SOURCE RECORDS.

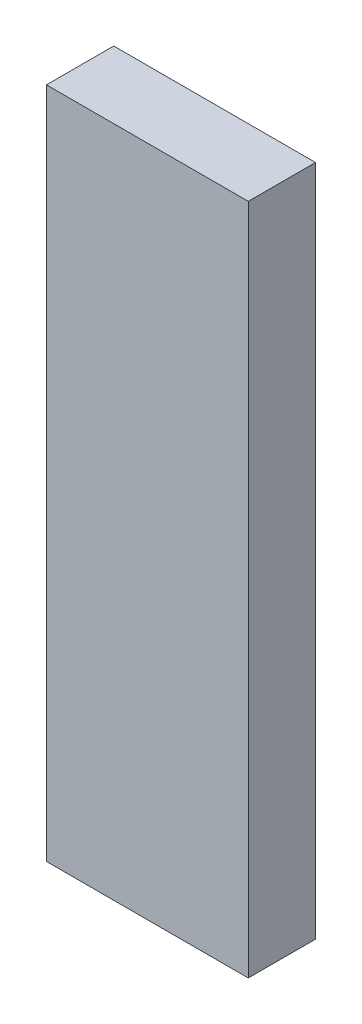
SolidWorks part; units mm, degrees
material "自定义塑料"
ref_plane "前视基准面" through (0, 0, 0) normal (0, 0, 1) x (1, 0, 0)
ref_plane "上视基准面" through (0, 0, 0) normal (0, 1, 0) x (1, 0, 0)
ref_plane "右视基准面" through (0, 0, 0) normal (1, 0, 0) x (0, 0, -1)
sketch "草图1" plane through (0, 0, 0) normal (1, 0, 0) x (0, 0, -1)
  line L1 (-10, -100) -> (10, -100)
  line L2 (-10, -100) -> (-10, 100)
  line L3 (-10, 100) -> (10, 100)
  line L4 (10, -100) -> (10, 100)
  line L5 (-10, -100) -> (10, 100) construction
  line L6 (-10, 100) -> (10, -100) construction
  point P0 (0, 0)
extrude "凸台-拉伸1" add sketch "草图1" along normal blind 30 and the other way blind 30
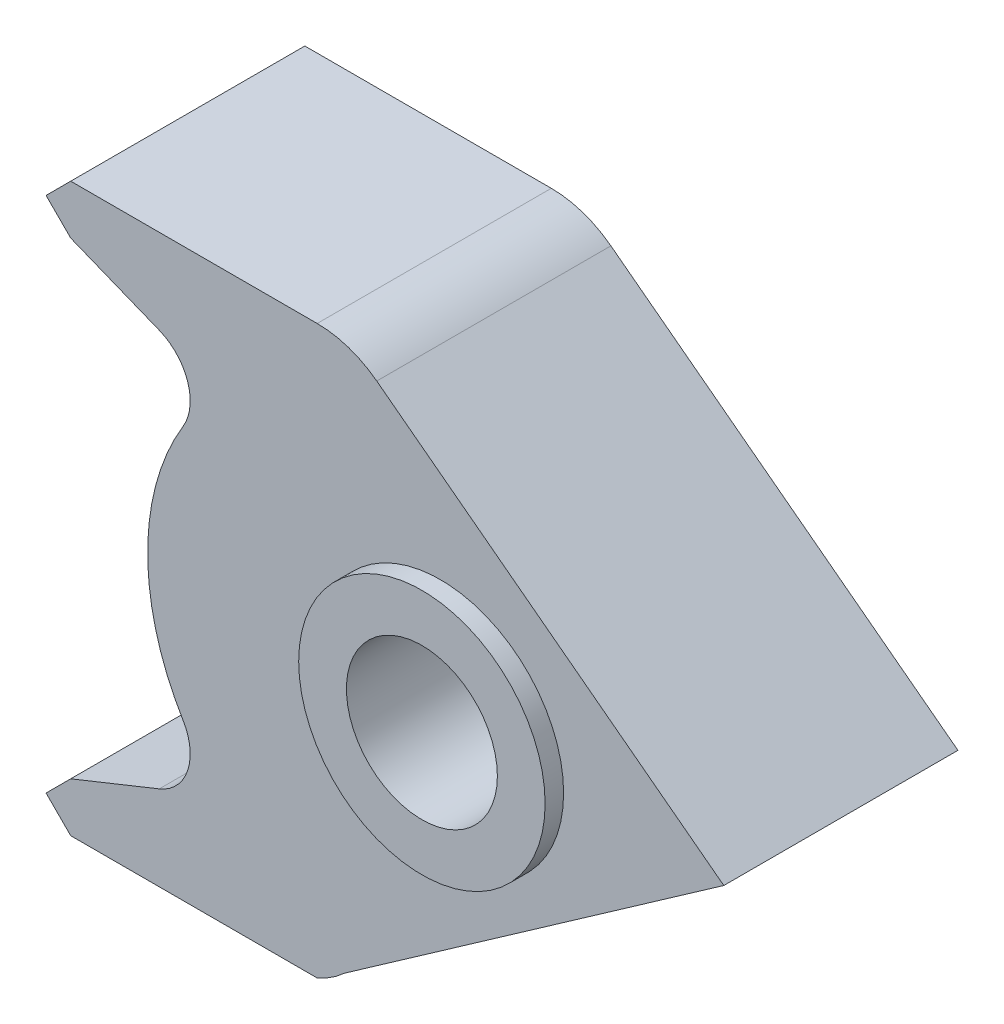
SolidWorks part; units mm, degrees
ref_plane "Plano frontal" through (0, 0, 0) normal (0, 0, 1) x (1, 0, 0)
ref_plane "Plano superior" through (0, 0, 0) normal (0, 1, 0) x (1, 0, 0)
ref_plane "Plano direito" through (0, 0, 0) normal (1, 0, 0) x (0, 0, -1)
sketch "Esboço1" plane through (0, 0, 0) normal (0, 0, 1) x (1, 0, 0)
  line L1 (0, 0) -> (-28.1639, 21.3728)
  line L2 (-33, 23) -> (-53, 23)
  line L3 (-53, 23) -> (-55, 21)
  line L4 (-55, 21) -> (-53, 19)
  line L5 (-53, 19) -> (-45.812, 16.1148)
  line L6 (-53, -19) -> (-45.812, -16.1148)
  line L7 (-55, -21) -> (-53, -19)
  line L8 (-53, -23) -> (-55, -21)
  line L9 (-33, -23) -> (-53, -23)
  line L10 (0, 0) -> (-30.7812, -21.5532)
  line L11 (0, 0) -> (87.2743, 0)
  circle A0 centre (-23, 0) radius 6.125
  arc A1 (-28.1639, 21.3728) -> (-33, 23) centre (-33, 15) ccw
  arc A2 (-43.8776, 10.3356) -> (-43.8776, -10.3356) centre (-26.7552, 0) ccw
  arc A3 (-45.812, 16.1148) -> (-43.8776, 10.3356) centre (-47.302, 12.4027) cw
  arc A5 (-45.812, -16.1148) -> (-43.8776, -10.3356) centre (-47.302, -12.4027) ccw
  arc A6 (-30.7812, -21.5532) -> (-33, -23) centre (-36.1999, -15.6678) cw
  point P11 (-30.3082, 23)
  point P19 (-40.8973, 14.1421)
  point P28 (-43.2671, -14.1421)
  point P29 (-32.8474, -23)
  dimension "D1" = 12.25
  dimension "D5" = 8
  dimension "D8" = 20
  dimension "D9" = 4
  dimension "D2" = 55
  dimension "D3" = 23
  dimension "D6" = 90
  dimension "D7" = 4
  dimension "D10" = 20
extrude "Ressalto-extrusão1" add sketch "Esboço1" along normal blind 22 contours A6 L10 L1 A1 L2 L3 L4 L5 A3 A2 A5 L6 L7 L8 L9 A0 region at (-31.0267, 0.3233, 0)
sketch "Esboço2" plane through (0, 0, 22) normal (0, 0, 1) x (1, 0, 0)
  circle A0 centre (-23, 0) radius 10
  dimension "D1" = 20
extrude "Corte-extrusão1" cut sketch "Esboço2" against normal blind 1.5 flip side to cut
sketch "Esboço3" plane through (0, 0, 0) normal (0, 0, -1) x (-1, 0, 0)
  circle A0 centre (23, 0) radius 10
  dimension "D1" = 20
extrude "Corte-extrusão2" cut sketch "Esboço3" against normal blind 1.5 flip side to cut

ABOUT THIS TASK. Without including any picture, copy the listing above exactly and in full.

SOLUTION.
SolidWorks part; units mm, degrees
material "自定义塑料"
ref_plane "前视基准面" through (0, 0, 0) normal (0, 0, 1) x (1, 0, 0)
ref_plane "上视基准面" through (0, 0, 0) normal (0, 1, 0) x (1, 0, 0)
ref_plane "右视基准面" through (0, 0, 0) normal (1, 0, 0) x (0, 0, -1)
sketch "草图1" plane through (0, 0, 0) normal (1, 0, 0) x (0, 0, -1)
  line L1 (-10, -100) -> (10, -100)
  line L2 (-10, -100) -> (-10, 100)
  line L3 (-10, 100) -> (10, 100)
  line L4 (10, -100) -> (10, 100)
  line L5 (-10, -100) -> (10, 100) construction
  line L6 (-10, 100) -> (10, -100) construction
  point P0 (0, 0)
extrude "凸台-拉伸1" add sketch "草图1" along normal blind 30 and the other way blind 30
SolidWorks part; units mm, degrees
ref_plane "Plano frontal" through (0, 0, 0) normal (0, 0, 1) x (1, 0, 0)
ref_plane "Plano superior" through (0, 0, 0) normal (0, 1, 0) x (1, 0, 0)
ref_plane "Plano direito" through (0, 0, 0) normal (1, 0, 0) x (0, 0, -1)
sketch "Esboço1" plane through (0, 0, 0) normal (0, 0, 1) x (1, 0, 0)
  line L1 (0, 0) -> (-28.1639, 21.3728)
  line L2 (-33, 23) -> (-53, 23)
  line L3 (-53, 23) -> (-55, 21)
  line L4 (-55, 21) -> (-53, 19)
  line L5 (-53, 19) -> (-45.812, 16.1148)
  line L6 (-53, -19) -> (-45.812, -16.1148)
  line L7 (-55, -21) -> (-53, -19)
  line L8 (-53, -23) -> (-55, -21)
  line L9 (-33, -23) -> (-53, -23)
  line L10 (0, 0) -> (-30.7812, -21.5532)
  line L11 (0, 0) -> (87.2743, 0)
  circle A0 centre (-23, 0) radius 6.125
  arc A1 (-28.1639, 21.3728) -> (-33, 23) centre (-33, 15) ccw
  arc A2 (-43.8776, 10.3356) -> (-43.8776, -10.3356) centre (-26.7552, 0) ccw
  arc A3 (-45.812, 16.1148) -> (-43.8776, 10.3356) centre (-47.302, 12.4027) cw
  arc A5 (-45.812, -16.1148) -> (-43.8776, -10.3356) centre (-47.302, -12.4027) ccw
  arc A6 (-30.7812, -21.5532) -> (-33, -23) centre (-36.1999, -15.6678) cw
  point P11 (-30.3082, 23)
  point P19 (-40.8973, 14.1421)
  point P28 (-43.2671, -14.1421)
  point P29 (-32.8474, -23)
  dimension "D1" = 12.25
  dimension "D5" = 8
  dimension "D8" = 20
  dimension "D9" = 4
  dimension "D2" = 55
  dimension "D3" = 23
  dimension "D6" = 90
  dimension "D7" = 4
  dimension "D10" = 20
extrude "Ressalto-extrusão1" add sketch "Esboço1" along normal blind 22 contours A6 L10 L1 A1 L2 L3 L4 L5 A3 A2 A5 L6 L7 L8 L9 A0 region at (-31.0267, 0.3233, 0)
sketch "Esboço2" plane through (0, 0, 22) normal (0, 0, 1) x (1, 0, 0)
  circle A0 centre (-23, 0) radius 10
  dimension "D1" = 20
extrude "Corte-extrusão1" cut sketch "Esboço2" against normal blind 1.5 flip side to cut
sketch "Esboço3" plane through (0, 0, 0) normal (0, 0, -1) x (-1, 0, 0)
  circle A0 centre (23, 0) radius 10
  dimension "D1" = 20
extrude "Corte-extrusão2" cut sketch "Esboço3" against normal blind 1.5 flip side to cut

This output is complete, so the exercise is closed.